Monday, February 16, 2009

I wonder

I wonder what God has in store for my future. I think about it often. I don't worry about it, just think about it.

I loved, loved, loved being a high school teacher. I loved the connections I made with students and the difference that I made. I fully believe that is the career God intended for me. I miss it. Alot.

I love that I have the opportunity to be a stay-at-home mom, but that doesn't take away my desire to teach high school. I know we are blessed to be able to afford me to stay home. I have several friends who would love this opportunity. I don't take it for granted. I love having this opportunity. Really, I do. But every now and again I get this strong desire to start looking for a teaching job. Is that God or is that me? I struggle with knowing the difference sometimes.

We have four years until Lil Princess enters Kindergarten. I don't plan to return to work until she is in school full time, which, as it currently stands, would be five years from now as Kindergarten is part-time (they are considering changing that though). I have already been a stay-at-home momma for 4.5 years. I can do 5 more, right?

Finding a full time high school business teaching job is not going to be an easy task. I do know, however, that if that is where God wants me, the position will be available at the right time. Since our state has been struggling for so long, we have lost a lot of residents, therefore the number of students has dropped. As a result, many of the non-core classes have been cut from most high schools. That means there are few jobs out there and it is not often that someone currently teaching in that particular area actually retires...so, the window of opportunity is small...very, very small.

I will continue to seek Gods wisdom in this matter. I want to do what is pleasing to Him. I want to do what is right for our family. I trust that the two (do or will) align. The Designer has told me many times that the value I add to our family is beyond measure, beyond a paycheck...but why on those really long, very difficult days, does it not feel like that?

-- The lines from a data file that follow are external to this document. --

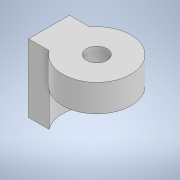
# Autodesk Inventor part: KeelHook
Saved by Autodesk Inventor 2020 (Build 240168000, 168)
## iProperties
Created: 2021-05-05
Part Number: KeelHook
Material: Generic
Document SubType Name: Modeling
Designer: chick
Density: 1 g/cm^3
Appearance: Default
Author: chick
Autodesk Inventor part; units mm, degrees
ref_plane "YZ Plane" through (0, 0, 0) normal (1, 0, 0) x (0, 1, 0)
ref_plane "XZ Plane" through (0, 0, 0) normal (0, 1, 0) x (-1, 0, 0)
ref_plane "XY Plane" through (0, 0, 0) normal (0, 0, 1) x (1, 0, 0)
sketch "Sketch1" plane through (0, 0, 0) normal (0, 1, 0) x (-1, 0, 0)
  circle A0 centre (50.2019, -50) radius 25
  point P0 (0, 0)
  dimension "d0" = 50
  dimension "d1" = 50
  constraints: 1 centre point
  measures "d0" diameter of A0
  measures "d1" vertical distance of point (0, 0) A0.centre
extrude "Extrusion1" add sketch "Sketch1" along normal blind 20
sketch "Sketch2" plane through (-50.2019, 20, -50) normal (0, 1, 0) x (1, 0, 0)
  line L0 (-35, -15) -> (-16.3886, -15)
  line L1 (-16.3886, -15) -> (-16.3886, 15)
  line L2 (-16.3886, 15) -> (-35, 15)
  line L3 (-35, 15) -> (-35, -15)
  circle A0 centre (0, 0) radius 25 projected
  circle A1 centre (0, 0) radius 25 projected
  point P0 (50.2019, -50)
  point P1 (0, 25)
  point P2 (0, -25)
  point P3 (-20, -15)
  point P4 (-20, 15)
  dimension "d4" = 15
  dimension "d5" = 15
  dimension "d6" = 35
  dimension "d7" = 50
  constraints: 8 end point, 3 perpendicular, 2 point on circle, 1 horizontal
  measures "d4" distance from line of L0 A0.centre
  measures "d5" distance from line of A0.centre L2
  measures "d6" distance from line of L3 A1.start
  measures "d7" diameter of A0
extrude "Extrusion2" add sketch "Sketch2" against normal blind 50 contours L3 L2 A0 L0
sketch "Sketch3" plane through (0, 0, 0) normal (0, -1, 0) x (1, 0, 0)
  arc A0 (-70.2019, -65) -> (-70.2019, -35) centre (-50.2019, -50) ccw projected
  arc A1 (-70.2019, -35) -> (-70.2019, -65) centre (-50.2019, -50) ccw projected
  circle A2 centre (-50.2019, -50) radius 7.5
  point P0 (0, 0)
  point P1 (-50.2019, -75)
  point P2 (-50.2019, -25)
  point P3 (-75.2019, -50)
  point P4 (-25.01, -50)
  dimension "d10" = 15
  dimension "d11" = 25
  constraints: 3 point on circle, 1 centre point, 1 coincident
  measures "d10" diameter of A2
  measures "d11" radius of A0
extrude "Extrusion3" cut sketch "Sketch3" against normal blind 30 contours A2
sketch "Sketch4" plane through (-85.2019, 20, -65) normal (-1, 0, 0) x (0, 0, 1)
  line L0 (0, -20) -> (0, -50) projected
  line L1 (30, -20) -> (30, -50) projected
  line L2 (30, -50) -> (0, -50) projected
  line L3 (40, -20) -> (-10, -20) projected
  circle A0 centre (15, -35) radius 6
  point P0 (65, -20)
  point P1 (0, -35)
  point P2 (30, -35)
  point P3 (15, -50)
  point P4 (15, -20)
  point P5 (15, -20)
  dimension "d14" = 30
  dimension "d15" = 15
  dimension "d16" = 15
  dimension "d17" = 12
  constraints: 4 midpoint, 1 centre point, 1 coincident
  measures "d14" distance from line of L0 point (30, -35)
  measures "d15" distance of point (30, -35) A0.centre
  measures "d16" distance of A0.centre point (0, -35)
  measures "d17" diameter of A0
extrude "Extrusion4" cut sketch "Sketch4" against normal blind 30 contours A0
equation "\"d10\" = 0.6 * d11"
equation "\"d15\" = 0.5 * d14"
equation "\"d16\" = 0.5 * d14"
equation "\"d17\" = 0.4 * d14"
body "Solid1"
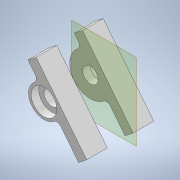
# Autodesk Inventor part: DUCT
Saved by Autodesk Inventor 2022 (Build 260153070, 153G)
## iProperties
Created: 2022-01-02
Part Number: DUCT
Material: Generic
Document SubType Name: Modeling
Designer: a laptop
Density: 1 g/cm^3
Appearance: Default
Author: a laptop
Autodesk Inventor part; units mm, degrees
ref_plane "YZ Plane" through (0, 0, 0) normal (1, 0, 0) x (0, 1, 0)
ref_plane "XZ Plane" through (0, 0, 0) normal (0, 1, 0) x (-1, 0, 0)
ref_plane "XY Plane" through (0, 0, 0) normal (0, 0, 1) x (1, 0, 0)
sketch "Sketch2" plane through (0, 0, 0) normal (0, 0, 1) x (1, 0, 0)
  circle A0 centre (-1.152, -1.2926) radius 1.5 projected
  line L0 (7.132, -6.8938) -> (-2.6673, 5.4354)
  arc A1 (-2.1291, 1.5439) -> (-3.0187, 1.056) centre (-1.152, -1.2926) ccw construction
  line L1 (7.132, -6.8938) -> (5.5664, -8.1383)
  line L2 (-4.233, 4.191) -> (-2.6673, 5.4354)
  line L3 (5.5664, -8.1383) -> (2.1197, -3.8018)
  line L4 (-2.1291, 1.5439) -> (-2.858, 2.461) construction
  arc A2 (-3.0187, 1.056) -> (-2.858, 2.461) centre (-3.6409, 1.8388) ccw
  arc A3 (2.1197, -3.8018) -> (0.7146, -3.6411) centre (1.3368, -4.424) ccw
  line L5 (-2.858, 2.461) -> (-4.233, 4.191)
  arc A4 (-3.0187, 1.056) -> (0.7146, -3.6411) centre (-1.152, -1.2926) ccw
  line L6 (2.1197, -3.8018) -> (1.3907, -2.8846) construction
  arc A5 (0.7146, -3.6411) -> (1.3907, -2.8846) centre (-1.152, -1.2926) ccw construction
  point P0 (0, 0)
  dimension "d0" = 1.5
  dimension "d1" = 2
  dimension "d3" = 90
  dimension "d4" = 90
  constraints: 14 end point, 11 point on circle, 6 tangent, 5 centre point, 5 perpendicular, 4 collinear, 1 concentric, 1 parallel, 2 other
  measures "d0" radial gap between concentric circles of A0 A1
  measures "d1" distance of L0.start L1.end
extrude "Extrusion1" add sketch "Sketch2" along normal blind 4
sketch "Sketch3" plane through (0, 0, 4) normal (0, 0, 1) x (1, 0, 0)
  circle A0 centre (-1.152, -1.2926) radius 2.5
  circle A1 centre (-1.152, -1.2926) radius 1.5 projected
  point P0 (0, 0)
  dimension "d7" = 5
  constraints: 1 centre point, 1 concentric
  measures "d7" diameter of A0
extrude "Extrusion2" cut sketch "Sketch3" against normal blind 1.5 contours A0 | A1
ref_plane "Work Plane1" through (0, 0, -5) normal (0, 0, -1) x (-1, 0, 0)
sketch "Sketch4" plane through (0, 0, -5) normal (0, 0, -1) x (-1, 0, 0)
  line L0 (-7.132, -6.8938) -> (2.6673, 5.4354) projected
  line L1 (-5.5664, -8.1383) -> (-7.132, -6.8938) projected
  line L2 (-2.1197, -3.8018) -> (-5.5664, -8.1383) projected
  arc A0 (-0.7146, -3.6411) -> (-2.1197, -3.8018) centre (-1.3368, -4.424) ccw projected
  arc A1 (2.858, 2.461) -> (3.0187, 1.056) centre (3.6409, 1.8388) ccw projected
  line L3 (4.233, 4.191) -> (2.858, 2.461) projected
  line L4 (2.6673, 5.4354) -> (4.233, 4.191) projected
  circle A2 centre (1.152, -1.2926) radius 1.5 projected
  arc A3 (-0.7146, -3.6411) -> (3.0187, 1.056) centre (1.152, -1.2926) ccw projected
  arc A4 (-1.3368, -4.424) -> (3.6409, 1.8388) centre (1.152, -1.2926) ccw
  line L5 (-2.1197, -3.8018) -> (-5.5664, -8.1383) projected
  arc A5 (-1.3368, -4.424) -> (-2.7419, -4.5846) centre (-1.959, -5.2068) ccw
  arc A6 (3.4802, 3.2439) -> (3.6409, 1.8388) centre (4.2631, 2.6217) ccw
  point P0 (0, 0)
  constraints: 6 centre point, 6 point on circle, 4 tangent, 2 point on line, 1 coincident, 1 concentric
extrude "Extrusion3" add sketch "Sketch4" along normal blind 4
sketch "Sketch5" plane through (0, 0, -9) normal (0, 0, -1) x (-1, 0, 0)
  line L0 (3.1278, 1.1933) -> (4.2928, -1.7607)
  line L1 (4.2928, -1.7607) -> (2.317, -4.2466)
  line L2 (2.317, -4.2466) -> (-0.8238, -3.7785)
  line L3 (-0.8238, -3.7785) -> (-1.9887, -0.8244)
  line L4 (-1.9887, -0.8244) -> (-0.0129, 1.6614)
  line L5 (-0.0129, 1.6614) -> (3.1278, 1.1933)
  line L6 (2.6673, 5.4354) -> (-7.132, -6.8938) projected
  circle A0 centre (1.152, -1.2926) radius 1.5 projected
  point P0 (0, 0)
  dimension "d13" = 5.5
  constraints: 12 end point, 1 coincident, 1 parallel, 13 other
  measures "d13" distance between parallel lines of L5 L2
extrude "Extrusion4" cut sketch "Sketch5" against normal blind 2.5
sketch "Sketch6" plane through (5.5664, -8.1383, 0) normal (-0.7828483, -0.6222126, 0) x (0, 0, 1)
  line L0 (-5, 0) -> (-5, 4.5394) projected
  line L1 (-5, 4) -> (0, 4)
  line L2 (0, 5.5394) -> (0, 0) projected
  line L3 (-5, 0) -> (-9, 0) projected
  line L4 (-5, 0) -> (0, 0)
  point P0 (0, 9.8345)
  dimension "d17" = 4
  constraints: 4 end point, 2 point on line, 1 collinear, 1 horizontal
  measures "d17" distance between parallel lines of L4 L1
extrude "Extrusion5" add sketch "Sketch6" against normal blind 2
sketch "Sketch7" plane through (0, 0, -9) normal (0, 0, -1) x (-1, 0, 0)
  line L0 (-5.5664, -8.1383) -> (-7.132, -6.8938) projected
  line L1 (-7.132, -6.8938) -> (-4.5773, -6.8938)
  line L2 (-5.5664, -8.1383) -> (-2.7419, -4.5846) projected
  point P0 (0, 0)
  constraints: 2 end point, 1 horizontal, 1 point on line
extrude "Extrusion6" cut sketch "Sketch7" against normal blind 14.7
body "Solid1"
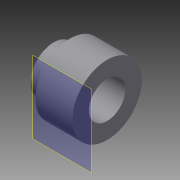
# Autodesk Inventor part: union pvc tubo
Saved by Autodesk Inventor 2013 (Build 170138000, 138)
## iProperties
Created: 2013-04-15
Part Number: union pvc tubo
Material: Generic
Document SubType Name: Modeling
Designer: Sebastian Saez
Density: 1 g/cm^3
Author: Sebastian Saez
Autodesk Inventor part; units mm, degrees
ref_plane "YZ Plane" through (0, 0, 0) normal (1, 0, 0) x (0, 1, 0)
ref_plane "XY Plane" through (0, 0, 0) normal (0, 0, 1) x (1, 0, 0)
sketch "Sketch1" plane through (0, 0, 0) normal (1, 0, 0) x (0, 1, 0)
  circle A0 centre (0, 0) radius 16.5
  circle A1 centre (0, 0) radius 19.5
  dimension "d0" = 33
  dimension "d1" = 3
  constraints: 2 centre point, 2 coincident
  measures "d0" diameter of A0
  measures "d1" radial gap between concentric circles of A1 A0
extrude "Extrusion1" add sketch "Sketch1" along normal blind 20.75 contours A0 | A1
sketch "Sketch2" plane through (0, 0, 0) normal (-1, 0, 0) x (0, 0, 1)
  circle A0 centre (0, 0) radius 19.5 projected
  circle A1 centre (0, 0) radius 16.5
  dimension "d4" = 33
  constraints: 1 centre point, 1 coincident
  measures "d4" diameter of A1
extrude "Extrusion2" cut sketch "Sketch2" against normal blind 25 contours A1
ref_plane "Work Plane2" through (0, -19.5, 0) normal (0, 1, 0) x (-1, 0, 0)
sketch "Sketch6" plane through (20.75, 0, 0) normal (1, 0, 0) x (0, 0, -1)
  circle A0 centre (0, 0) radius 10.25 projected
  circle A1 centre (0, 0) radius 19.5 projected
  circle A2 centre (0, 0) radius 13
  dimension "d14" = 26
  constraints: 1 centre point, 1 coincident
  measures "d14" diameter of A2
extrude "Extrusion5" add sketch "Sketch6" against normal blind 30 contours A2
sketch "Sketch7" plane through (20.75, 0, 0) normal (1, 0, 0) x (0, 0, -1)
  circle A0 centre (0, 0) radius 19.5 projected
  circle A1 centre (0, 0) radius 19.5
  circle A2 centre (0, 0) radius 16.5 projected
  circle A3 centre (0, 0) radius 10.25
  dimension "d23" = 20.5
  constraints: 2 centre point, 2 coincident, 1 concentric
  measures "d23" diameter of A3
extrude "Extrusion7" add sketch "Sketch7" against normal blind 2 contours A2
body "Solid1"
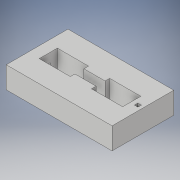
# Autodesk Inventor part: ODS_Enclosure_Mid_V2D4
Saved by Autodesk Inventor 2017 (Build 210142000, 142)
## iProperties
Created: 2017-12-28
Part Number: ODS_Enclosure_Mid_V2D4
Material: Generic
Document SubType Name: Modeling
Designer: Tripl_000
Density: 1 g/cm^3
Appearance: Default
Author: Tripl_000
Autodesk Inventor part; units mm, degrees
ref_plane "YZ Plane" through (0, 0, 0) normal (1, 0, 0) x (0, 1, 0)
ref_plane "XZ Plane" through (0, 0, 0) normal (0, 1, 0) x (-1, 0, 0)
ref_plane "XY Plane" through (0, 0, 0) normal (0, 0, 1) x (1, 0, 0)
sketch "Sketch1" plane through (0, 0, 0) normal (0, 1, 0) x (-1, 0, 0)
  line L0 (76.2, 44.45) -> (-76.2, 44.45)
  line L1 (-76.2, 44.45) -> (-76.2, -44.45)
  line L2 (-76.2, -44.45) -> (76.2, -44.45)
  line L3 (76.2, -44.45) -> (76.2, 44.45)
  line L4 (76.2, 44.45) -> (-76.2, -44.45) construction
  line L5 (-76.2, 44.45) -> (76.2, -44.45) construction
  point P0 (0, 0)
  dimension "d0" = 152.4
  dimension "d1" = 88.9
  constraints: 12 end point, 2 midpoint, 2 parallel, 1 horizontal, 1 perpendicular
  measures "d0" distance of L1.end L2.end
  measures "d1" distance of L2.end L0.start
extrude "Extrusion1" add sketch "Sketch1" along normal blind 31.242
sketch "Sketch2" plane through (0, 31.242, 0) normal (0, 1, 0) x (1, 0, 0)
  line L0 (-60.071, -13.081) -> (60.071, -13.081)
  line L1 (60.071, -13.081) -> (60.071, 13.081)
  line L2 (60.071, 13.081) -> (-60.071, 13.081)
  line L3 (-60.071, 13.081) -> (-60.071, -13.081)
  line L4 (-60.071, -13.081) -> (60.071, 13.081) construction
  line L5 (60.071, -13.081) -> (-60.071, 13.081) construction
  point P0 (0, 0)
  dimension "d4" = 120.142
  dimension "d5" = 26.162
  constraints: 12 end point, 2 midpoint, 2 parallel, 1 horizontal, 1 perpendicular
  measures "d4" distance of L1.end L2.end
  measures "d5" distance of L2.end L0.start
extrude "Extrusion2" cut sketch "Sketch2" against normal through all
ref_plane "Work Plane1" through (-76.2, 0, 0) normal (0, 0, 1) x (1, 0, 0)
sketch "Sketch4" plane through (-60.071, 31.242, -13.081) normal (0, 0, 1) x (1, 0, 0)
  line L0 (0, 0) -> (120.142, 0) projected
  line L1 (120.142, -31.242) -> (0, -31.242) projected
  line L2 (44.831, 0) -> (75.311, 0)
  line L3 (75.311, 0) -> (75.311, -31.242)
  line L4 (75.311, -31.242) -> (44.831, -31.242)
  line L5 (44.831, -31.242) -> (44.831, 0)
  line L6 (120.142, 0) -> (120.142, -31.242) projected
  point P0 (60.071, -31.242)
  dimension "d13" = 30.48
  dimension "d14" = 44.831
  constraints: 8 end point, 2 parallel, 2 point on line, 1 horizontal, 1 perpendicular
  measures "d13" distance between parallel lines of L3 L5
  measures "d14" distance between parallel lines of L6 L3
extrude "Extrusion3" add sketch "Sketch4" along normal blind 6.6548 contours L0 L3 L1 L5
mirror "Mirror1" about plane through (-76.2, 0, 0) normal (0, 0, 1) of "Extrusion3"
ref_plane "Work Plane2" through (0, 0, 44.45) normal (1, 0, 0) x (0, 0, -1)
sketch "Sketch6" plane through (-60.071, 31.242, 13.081) normal (1, 0, 0) x (0, 0, -1)
  line L0 (15.621, -13.081) -> (10.541, -13.081)
  line L1 (10.541, -13.081) -> (10.541, -18.161)
  line L2 (10.541, -18.161) -> (15.621, -18.161)
  line L3 (15.621, -18.161) -> (15.621, -13.081)
  line L4 (15.621, -13.081) -> (10.541, -18.161) construction
  line L5 (10.541, -13.081) -> (15.621, -18.161) construction
  line L6 (26.162, 0) -> (26.162, -31.242) projected
  point P0 (13.081, -31.242)
  point P1 (13.081, -15.621)
  dimension "d31" = 15.621
  dimension "d32" = 13.081
  dimension "d33" = 5.08
  dimension "d34" = 5.08
  constraints: 12 end point, 2 midpoint, 2 parallel, 1 horizontal, 1 perpendicular
  measures "d31" distance of point (13.081, -31.242) point (13.081, -15.621)
  measures "d32" distance from line of L6 point (13.081, -15.621)
  measures "d33" distance of L2.end L0.start
  measures "d34" distance of L1.end L2.end
extrude "Extrusion5" cut sketch "Sketch6" against normal blind 11.43
mirror "Mirror2" about plane through (0, 0, 44.45) normal (1, 0, 0) of "Extrusion5"
sketch "Sketch7" plane through (0, 31.242, 0) normal (0, 1, 0) x (1, 0, 0)
  line L0 (71.501, -2.54) -> (71.501, 2.54) projected
  line L1 (60.071, 2.54) -> (71.501, 2.54) projected
  line L2 (71.501, -2.54) -> (66.421, -2.54)
  line L3 (66.421, -2.54) -> (66.421, 2.54)
  line L4 (66.421, 2.54) -> (71.501, 2.54)
  line L5 (71.501, 2.54) -> (71.501, -2.54)
  point P0 (0, 0)
  dimension "d37" = 5.08
  constraints: 8 end point, 2 parallel, 1 horizontal, 1 perpendicular, 1 point on line
  measures "d37" distance between parallel lines of L0 L3
extrude "Extrusion6" cut sketch "Sketch7" against normal up to next
sketch "Sketch8" plane through (0, 0, 0) normal (0, -1, 0) x (1, 0, 0)
  line L0 (-71.501, 2.54) -> (-71.501, -2.54) projected
  line L1 (-60.071, -2.54) -> (-71.501, -2.54) projected
  line L2 (-71.501, 2.54) -> (-66.4254, 2.54)
  line L3 (-66.4254, 2.54) -> (-66.4254, -2.54)
  line L4 (-66.4254, -2.54) -> (-71.501, -2.54)
  line L5 (-71.501, -2.54) -> (-71.501, 2.54)
  point P0 (0, 0)
  constraints: 8 end point, 2 parallel, 1 horizontal, 1 perpendicular, 1 point on line
extrude "Extrusion7" cut sketch "Sketch8" against normal up to next
fillet "Fillet1" radius 3.175 1 edges at (-71.501, 18.161, 0)
fillet "Fillet2" radius 3.175 1 edges at (66.421, 18.161, 0)
fillet "Fillet3" radius 3.175 1 edges at (-66.4254, 13.081, 0)
fillet "Fillet4" radius 3.175 1 edges at (71.501, 13.081, 0)
body "Solid1"

I am excited about what my (our) future holds. I can't wait to see what God has in store. I know in perfect timing, it will be revealed. Until then, I will go bathe my children, feed them breakfast, play with them, and do all of the other mommy things that a typical Monday calls for. I will love the special moments I share with them. I will cherish nap time, too! :)

**As I reread this, I felt it was important to mention that God has been providing for my career in that I do still teach 1 or 2 college classes every semester and have been for the past 4 years. It has helped to provide some for our family (financially) and to keep me in the classroom. I am teaching 1 night a week right now and I do enjoy getting out of the house. I just know that unless I have a heart change (which is possible) college is not where God plans for me to stay indefinitely.**

2 comments:

nush said...

The unknowns are tough! I feel ya:)At least you are able to be with the girls now, teaching them and giving them a foundation for when they go to school full time:)

Anita said...

It's exciting to ponder, isn't it?! The path will be revealed at the appropriate time.